1.1 Band structure and photoconductivity of semiconductors
1.1.1 Band structure of semiconductors
No matter how electrons and holes move, they must have many states of motion. When not stimulated by external energy, these motion states are stable, and they must have a certain amount of energy. Generally, energy is used to express these motion states, that is, “energy level” is used to indicate various motion states. When the carrier is affected by external energy, it will enter a high-energy state from a low-energy state of motion. It can also be said that the carrier transitions from a low-energy level to a high-energy level. Therefore, the state of electron movement in the atom can be expressed by energy level. The more moving electrons are on the periphery of the nucleus, the weaker the force of the nucleus, and the higher the energy on the usual energy coordinates. The more moving electrons in the inner circle of the nucleus, the stronger the force of the nucleus and the lower the energy.
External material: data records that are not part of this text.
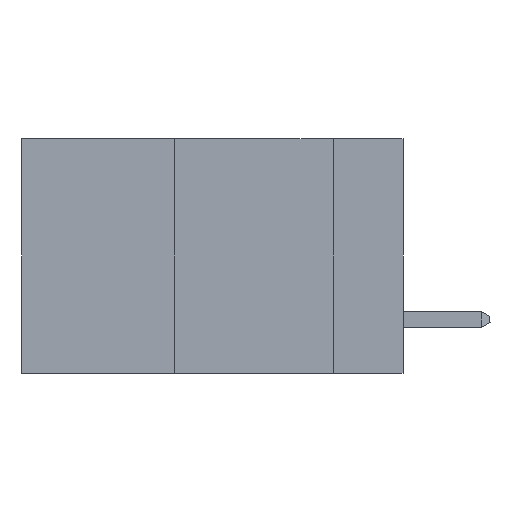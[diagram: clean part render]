
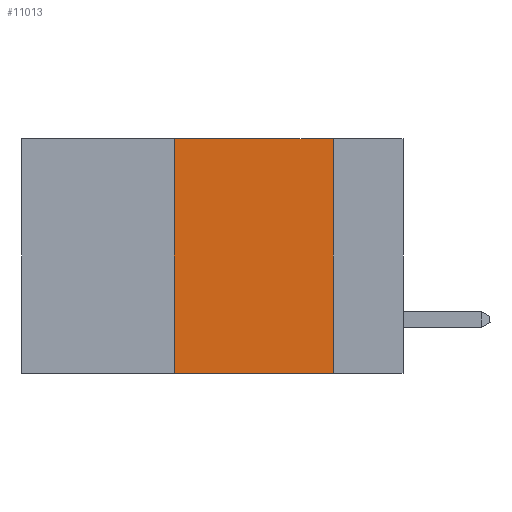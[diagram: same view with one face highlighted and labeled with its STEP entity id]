
A CAD part, left-side view. The second image highlights one B-rep face of the part: STEP entity #11013.
In plain terms, the highlighted planar face has unit normal (-1, 0, 0).
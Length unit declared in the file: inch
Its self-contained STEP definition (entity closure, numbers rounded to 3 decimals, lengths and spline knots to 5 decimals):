
#1932 = VECTOR ( 'NONE', #13872, 39.37008 ) ;
#2092 = CARTESIAN_POINT ( 'NONE',  ( 0., 0.6, 0. ) ) ;
#2176 = EDGE_CURVE ( 'NONE', #18605, #16332, #5479, .T. ) ;
#2676 = VECTOR ( 'NONE', #21996, 39.37008 ) ;
#3249 = CARTESIAN_POINT ( 'NONE',  ( 0., 0.6, -0.37 ) ) ;
#4078 = CARTESIAN_POINT ( 'NONE',  ( 0., 0.11, -0.37 ) ) ;
#4905 = CARTESIAN_POINT ( 'NONE',  ( 0., 0.11, 0. ) ) ;
#5479 = LINE ( 'NONE', #2092, #10367 ) ;
#6184 = DIRECTION ( 'NONE',  ( 0., 0., -1. ) ) ;
#6925 = LINE ( 'NONE', #4905, #1932 ) ;
#7125 = AXIS2_PLACEMENT_3D ( 'NONE', #18576, #16852, #6184 ) ;
#7389 = FACE_OUTER_BOUND ( 'NONE', #18513, .T. ) ;
#7630 = LINE ( 'NONE', #7979, #2676 ) ;
#7979 = CARTESIAN_POINT ( 'NONE',  ( 0., 0.36, 0. ) ) ;
#10204 = VECTOR ( 'NONE', #12418, 39.37008 ) ;
#10367 = VECTOR ( 'NONE', #18249, 39.37008 ) ;
#11013 = ADVANCED_FACE ( 'NONE', ( #7389 ), #11605, .F. ) ;
#11605 = PLANE ( 'NONE',  #7125 ) ;
#12335 = EDGE_CURVE ( 'NONE', #17290, #18605, #7630, .T. ) ;
#12418 = DIRECTION ( 'NONE',  ( 0., -1., 0. ) ) ;
#13872 = DIRECTION ( 'NONE',  ( 0., 0., -1. ) ) ;
#14791 = EDGE_CURVE ( 'NONE', #16332, #15762, #6925, .T. ) ;
#15762 = VERTEX_POINT ( 'NONE', #4078 ) ;
#15920 = ORIENTED_EDGE ( 'NONE', *, *, #12335, .F. ) ;
#16332 = VERTEX_POINT ( 'NONE', #17070 ) ;
#16852 = DIRECTION ( 'NONE',  ( 1., 0., 0. ) ) ;
#17070 = CARTESIAN_POINT ( 'NONE',  ( 0., 0.11, 0. ) ) ;
#17290 = VERTEX_POINT ( 'NONE', #22893 ) ;
#18194 = ORIENTED_EDGE ( 'NONE', *, *, #22540, .T. ) ;
#18249 = DIRECTION ( 'NONE',  ( 0., -1., 0. ) ) ;
#18513 = EDGE_LOOP ( 'NONE', ( #22303, #22637, #15920, #18194 ) ) ;
#18576 = CARTESIAN_POINT ( 'NONE',  ( 0., 0.6, 0. ) ) ;
#18605 = VERTEX_POINT ( 'NONE', #20931 ) ;
#20077 = LINE ( 'NONE', #3249, #10204 ) ;
#20931 = CARTESIAN_POINT ( 'NONE',  ( 0., 0.36, 0. ) ) ;
#21996 = DIRECTION ( 'NONE',  ( 0., 0., 1. ) ) ;
#22303 = ORIENTED_EDGE ( 'NONE', *, *, #14791, .F. ) ;
#22540 = EDGE_CURVE ( 'NONE', #17290, #15762, #20077, .T. ) ;
#22637 = ORIENTED_EDGE ( 'NONE', *, *, #2176, .F. ) ;
#22893 = CARTESIAN_POINT ( 'NONE',  ( 0., 0.36, -0.37 ) ) ;
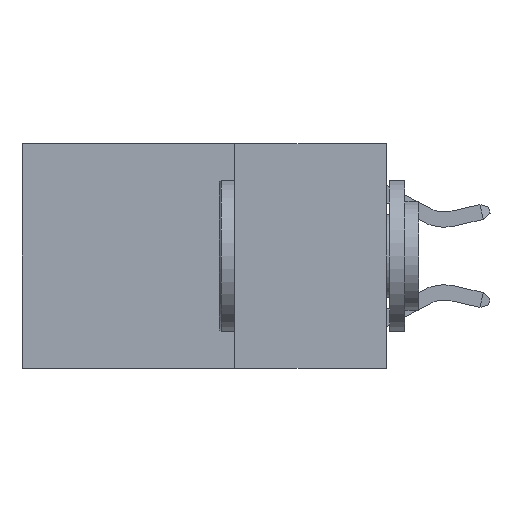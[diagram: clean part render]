
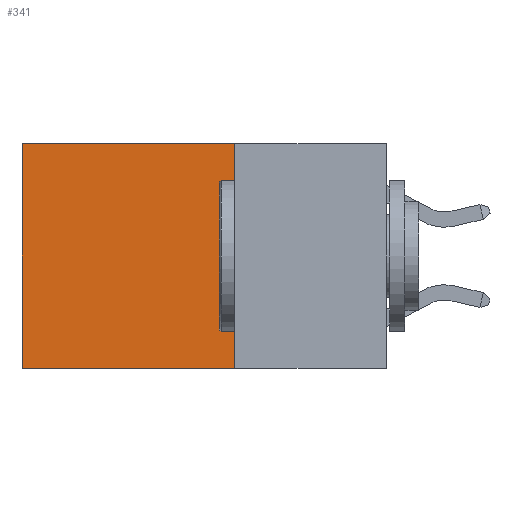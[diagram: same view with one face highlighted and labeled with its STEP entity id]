
A CAD part, left-side view. The second image highlights one B-rep face of the part: STEP entity #341.
In plain terms, the highlighted planar face has unit normal (-1, 0, 0).
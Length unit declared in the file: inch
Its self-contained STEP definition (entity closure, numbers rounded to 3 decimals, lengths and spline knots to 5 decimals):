
#308 = CARTESIAN_POINT ( 'NONE',  ( 0.2625, 0.25, 0. ) ) ;
#341 = ADVANCED_FACE ( 'NONE', ( #6974 ), #11249, .F. ) ;
#1100 = VECTOR ( 'NONE', #7222, 39.37008 ) ;
#1207 = VERTEX_POINT ( 'NONE', #6103 ) ;
#1510 = DIRECTION ( 'NONE',  ( 0., 1., 0. ) ) ;
#1535 = VERTEX_POINT ( 'NONE', #7575 ) ;
#1608 = VERTEX_POINT ( 'NONE', #1827 ) ;
#1694 = ORIENTED_EDGE ( 'NONE', *, *, #2153, .F. ) ;
#1827 = CARTESIAN_POINT ( 'NONE',  ( 0.2625, 0.6, 0. ) ) ;
#2153 = EDGE_CURVE ( 'NONE', #1535, #3935, #10979, .T. ) ;
#2283 = EDGE_LOOP ( 'NONE', ( #4624, #7898, #1694, #11561 ) ) ;
#2856 = EDGE_CURVE ( 'NONE', #3935, #1207, #10770, .T. ) ;
#2979 = CARTESIAN_POINT ( 'NONE',  ( 0.2625, 0.25, 0. ) ) ;
#3015 = DIRECTION ( 'NONE',  ( 0., 0., -1. ) ) ;
#3038 = CARTESIAN_POINT ( 'NONE',  ( 0.2625, 0.25, 0. ) ) ;
#3455 = DIRECTION ( 'NONE',  ( 1., 0., 0. ) ) ;
#3935 = VERTEX_POINT ( 'NONE', #9611 ) ;
#4231 = VECTOR ( 'NONE', #1510, 39.37008 ) ;
#4624 = ORIENTED_EDGE ( 'NONE', *, *, #9526, .T. ) ;
#6103 = CARTESIAN_POINT ( 'NONE',  ( 0.2625, 0.6, -0.37 ) ) ;
#6974 = FACE_OUTER_BOUND ( 'NONE', #2283, .T. ) ;
#7222 = DIRECTION ( 'NONE',  ( 0., 0., -1. ) ) ;
#7575 = CARTESIAN_POINT ( 'NONE',  ( 0.2625, 0.25, 0. ) ) ;
#7898 = ORIENTED_EDGE ( 'NONE', *, *, #2856, .F. ) ;
#8747 = LINE ( 'NONE', #11632, #15188 ) ;
#8953 = CARTESIAN_POINT ( 'NONE',  ( 0.2625, 0.25, -0.37 ) ) ;
#9526 = EDGE_CURVE ( 'NONE', #1608, #1207, #8747, .T. ) ;
#9611 = CARTESIAN_POINT ( 'NONE',  ( 0.2625, 0.25, -0.37 ) ) ;
#9800 = LINE ( 'NONE', #3038, #12666 ) ;
#10405 = DIRECTION ( 'NONE',  ( 0., 1., 0. ) ) ;
#10770 = LINE ( 'NONE', #8953, #4231 ) ;
#10979 = LINE ( 'NONE', #308, #1100 ) ;
#11249 = PLANE ( 'NONE',  #12745 ) ;
#11561 = ORIENTED_EDGE ( 'NONE', *, *, #15214, .T. ) ;
#11632 = CARTESIAN_POINT ( 'NONE',  ( 0.2625, 0.6, 0. ) ) ;
#12666 = VECTOR ( 'NONE', #10405, 39.37008 ) ;
#12745 = AXIS2_PLACEMENT_3D ( 'NONE', #2979, #3455, #14672 ) ;
#14672 = DIRECTION ( 'NONE',  ( 0., 0., -1. ) ) ;
#15188 = VECTOR ( 'NONE', #3015, 39.37008 ) ;
#15214 = EDGE_CURVE ( 'NONE', #1535, #1608, #9800, .T. ) ;

In a crystal composed of a large number of atoms, the movement of electrons located in the inner circle of each atom is rarely affected by other atoms, and still maintains its original state of motion and energy. The movement of electrons located on the periphery of the nucleus, due to its high energy level and high energy content, changes the original power of the movement. Naturally, it is easier to change its state of movement when subjected to the action of other atoms. Originally it moved around the nucleus to which it belonged, but now it moves in the entire crystal and no longer belongs to any atom. Its movement energy is obviously different from the original movement energy. For example, when considering the moving electrons at the outermost periphery of an atom, in an independent atom, the energy of these electrons is the same for any atom. In order to illustrate the problem, only the case of a crystal with a volume of only 1cm3 is studied, if there are a total of M atoms in this 1cm3 crystal. These electrons are all moving in the whole crystal, the movement state is M, there are M energy levels. But the energy of each state of motion is not equal, they are evenly distributed between the highest energy and the lowest energy. Due to the large number of M, the difference between the highest energy and the lowest energy is not large, so these M energy levels actually form a band that can be considered continuous in energy, called the “energy band”.
Figure 1-1(a) shows the energy band of metallic copper crystal. The energy band theory believes that only two electrons are allowed in each energy level, that is, the energy level from 1 to F in the figure has two electrons at absolute zero, and the energy level from F to 2 is empty. . The energy band theory also believes that the motion states of the two electrons in each energy level are exactly opposite, and they do not have the effect of conducting current. But once subjected to the external thermal energy or the force of an external electric field, some electrons below the F energy level may be excited to the empty energy level above F.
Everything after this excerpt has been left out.